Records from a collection
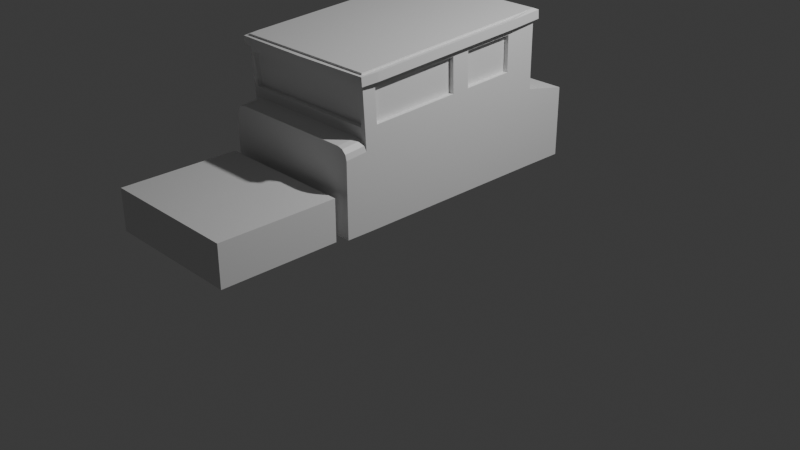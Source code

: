 # Source: low_poly_old_car.blend  (saved by Blender 5.2.44; exported with 4.5.12 LTS)
import bpy
from mathutils import Matrix  # noqa: F401  (used for matrix-valued properties, if any)

bpy.ops.wm.read_factory_settings(use_empty=True)
scene = bpy.context.scene
scene.name = 'Scene'

# ---- collections
col_collection = bpy.data.collections.new('Collection'); scene.collection.children.link(col_collection)

# ---- materials (node trees are filled in below, after node groups)
mat_material = bpy.data.materials.new('Material')
mat_material.alpha_threshold = 0.0
mat_material.use_backface_culling_lightprobe_volume = False
mat_material.roughness = 0.5
mat_material.line_color = (0.0, 0.0, 0.0, 1.0)

# ---- material node trees
mat_material.use_nodes = True; mat_material.node_tree.nodes.clear()
_N = mat_material.node_tree.nodes; _L = mat_material.node_tree.links
n0 = _N.new('ShaderNodeOutputMaterial'); n0.name = 'Material Output'; n0.location = (200, 100)
n1 = _N.new('ShaderNodeBsdfPrincipled'); n1.name = 'Principled BSDF'; n1.location = (-200, 100)
n1.inputs[10].default_value = 0.005
_L.new(n1.outputs[0], n0.inputs[0])
n0.is_active_output = True

# ---- world
world_world = bpy.data.worlds.new('World'); scene.world = world_world
world_world.use_nodes = True; world_world.node_tree.nodes.clear()
_N = world_world.node_tree.nodes; _L = world_world.node_tree.links
n0 = _N.new('ShaderNodeOutputWorld'); n0.name = 'World Output'; n0.location = (200, 100)
n1 = _N.new('ShaderNodeBackground'); n1.name = 'Background'; n1.location = (-200, 100)
n1.inputs[0].default_value = (0.05088, 0.05088, 0.05088, 1.0)
_L.new(n1.outputs[0], n0.inputs[0])
n0.is_active_output = True
world_world.color = (0.05088, 0.05088, 0.05088)
world_world.sun_shadow_jitter_overblur = 0.0

# ---- cameras
cam_camera = bpy.data.cameras.new('Camera')
cam_camera.clip_end = 100.0
cam_camera.ortho_scale = 7.314

# ---- lights
light_light = bpy.data.lights.new('Light', 'POINT')
light_light.energy = 1000.0
light_light.shadow_soft_size = 0.1

# ---- meshes
me_cube = bpy.data.meshes.new('Cube')
me_cube.from_pydata([(0.9188, 1.19, 0.9332), (0.9188, 1.204, -0.8597), (0.9188, -1.361, 0.7661), (0.9188, -1.264, -0.873), (0.0, 1.204, -0.8597), (0.0, -1.361, 0.7661), (0.0, -1.264, -0.873), (0.0, 1.19, 0.9332), (0.9188, 1.194, 0.4182), (0.9188, -1.333, 0.2953), (0.0, -1.333, 0.2953), (0.0, 1.194, 0.4182), (0.9188, 1.195, 0.2854), (0.0, -1.326, 0.1739), (0.0, 1.195, 0.2854), (0.9188, -1.585, -0.8711), (0.0, -1.585, -0.8711), (0.0, -1.587, 0.1488), (0.9188, 1.2, 0.1054), (0.9188, -1.294, -0.3602), (0.0, 1.2, 0.1054), (0.9188, -1.586, -0.3715), (0.0, -1.586, -0.3715), (0.9188, -0.08246, 0.8498), (0.9188, -0.02741, -0.8663), (0.9188, 1.19, 0.9332), (0.0, -0.02741, -0.8663), (0.9188, -0.06665, 0.3569), (0.9188, -0.06257, 0.2298), (0.9188, -0.04464, -0.3294), (0.9188, -1.198, 0.7767), (0.0, 1.19, 0.9332), (0.0, -1.107, -0.8722), (0.9188, -1.172, 0.3031), (0.9188, -1.165, 0.181), (0.9188, -1.135, -0.3563), (0.9188, -1.107, -0.8722), (0.9188, 0.1912, -0.8651), (0.9188, 0.1435, 0.8646), (0.9188, -1.198, 0.7767), (0.0, 0.1912, -0.8651), (0.9188, 0.1572, 0.3678), (0.9188, 0.1607, 0.2397), (0.9188, 0.1763, -0.3239), (0.9188, 0.811, -0.8618), (0.9188, 0.7843, 0.9066), (0.9188, -1.361, 0.7661), (0.0, 0.811, -0.8618), (0.9188, 0.792, 0.3986), (0.9188, 0.794, 0.2677), (0.9188, 0.8026, -0.3085), (0.9188, 1.191, 0.8577), (0.9188, -1.357, 0.6971), (0.0, -1.357, 0.6971), (0.0, 1.191, 0.8577), (0.9188, -0.08014, 0.7776), (0.9188, -1.194, 0.7073), (0.9188, 0.1455, 0.7918), (0.9188, 0.7854, 0.8321), (0.9188, 1.743, -0.002863), (0.9188, 1.747, -0.8597), (0.0, 1.747, -0.8597), (0.0, 1.743, -0.002863), (0.9188, -1.205, 0.9033), (0.9188, -1.368, 0.8927), (0.0, 1.184, 1.06), (0.9188, 1.184, 1.06), (0.0, -1.368, 0.8927), (0.0, -1.205, 0.9033), (0.9188, 0.1366, 0.9912), (0.9188, -0.08936, 0.9764), (0.0, 0.1366, 0.9912), (0.0, -0.08936, 0.9764), (0.9188, 0.7774, 1.033), (0.0, 0.7774, 1.033), (0.0, -1.361, 0.7661), (0.9188, 0.1435, 0.8646), (0.9188, -0.08246, 0.8498), (0.9188, -1.368, 0.8714), (0.9188, -0.08936, 0.9551), (0.9188, 0.7774, 1.012), (0.9188, 0.7843, 0.9066), (0.9188, 1.184, 1.06), (0.0, -1.368, 0.8714), (0.9188, -1.205, 0.882), (0.0, 1.184, 1.06), (0.9188, 0.1366, 0.9699), (0.9787, 0.1435, 0.8646), (0.9787, -0.08246, 0.8498), (0.0, 1.25, 0.9371), (0.9611, 1.233, 0.9359), (0.9787, -1.198, 0.7767), (0.9611, -1.403, 0.7633), (0.0, -1.421, 0.7622), (0.9611, -1.41, 0.8686), (0.9787, -0.08936, 0.9551), (0.9787, 0.7774, 1.012), (0.9787, 0.7843, 0.9066), (0.9611, 1.226, 1.041), (0.0, -1.428, 0.8675), (0.9787, -1.205, 0.882), (0.0, 1.243, 1.042), (0.9787, 0.1366, 0.9699), (0.8608, -1.264, -0.873), (0.8608, 1.19, 0.9332), (0.8608, 1.204, -0.8597), (0.8608, -1.361, 0.7661), (0.8608, -1.333, 0.2953), (0.8608, 1.194, 0.4182), (0.8608, 1.195, 0.2854), (0.7306, -1.326, 0.1739), (0.8608, -1.585, -0.8711), (0.7306, -1.587, 0.1488), (0.8608, -1.586, -0.3715), (0.8608, 1.2, 0.1054), (0.8608, -0.02741, -0.8663), (0.8608, 1.19, 0.9332), (0.8608, -1.107, -0.8722), (0.8608, 0.1912, -0.8651), (0.8608, -1.361, 0.7661), (0.8608, 0.811, -0.8618), (0.8608, -1.357, 0.6971), (0.8608, 1.191, 0.8577), (0.8608, 1.747, -0.8597), (0.8608, 1.743, -0.002863), (0.8608, 1.184, 1.06), (0.8608, -1.368, 0.8927), (0.8608, -0.08936, 0.9764), (0.8608, -1.205, 0.9033), (0.8608, 0.1366, 0.9912), (0.8608, 0.7774, 1.033), (0.8608, 1.184, 1.06), (0.8608, -1.368, 0.8714), (0.9004, 1.234, 0.936), (0.9004, -1.404, 0.7633), (0.9004, 1.227, 1.041), (0.9004, -1.411, 0.8686), (0.0, -1.302, 0.7003), (0.0, -1.278, 0.2985), (0.0, 1.136, 0.8573), (0.0, 1.139, 0.4178), (0.8608, -1.278, 0.2985), (0.8639, -0.08014, 0.7776), (0.8639, -0.06665, 0.3569), (0.8639, -1.172, 0.3031), (0.8639, -1.194, 0.7073), (0.8639, 0.792, 0.3986), (0.8639, 0.1572, 0.3678), (0.8639, 0.1455, 0.7918), (0.8639, 0.7854, 0.8321), (0.8608, -1.302, 0.7003), (0.8608, 1.139, 0.4178), (0.8608, 1.136, 0.8573), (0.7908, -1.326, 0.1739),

* [What you will do]
Could you reproduce, exactly, every line above from the line with "mat_material.line_color = (0.0, 0.0, 0.0, 1.0)" to the line with "n1 = _N.new('ShaderNodeBsdfPrincipled');", and no other line? Both ends count.

* [Solved problem]
mat_material.line_color = (0.0, 0.0, 0.0, 1.0)

# ---- material node trees
mat_material.use_nodes = True; mat_material.node_tree.nodes.clear()
_N = mat_material.node_tree.nodes; _L = mat_material.node_tree.links
n0 = _N.new('ShaderNodeOutputMaterial'); n0.name = 'Material Output'; n0.location = (200, 100)
n1 = _N.new('ShaderNodeBsdfPrincipled'); n1.name = 'Principled BSDF'; n1.location = (-200, 100)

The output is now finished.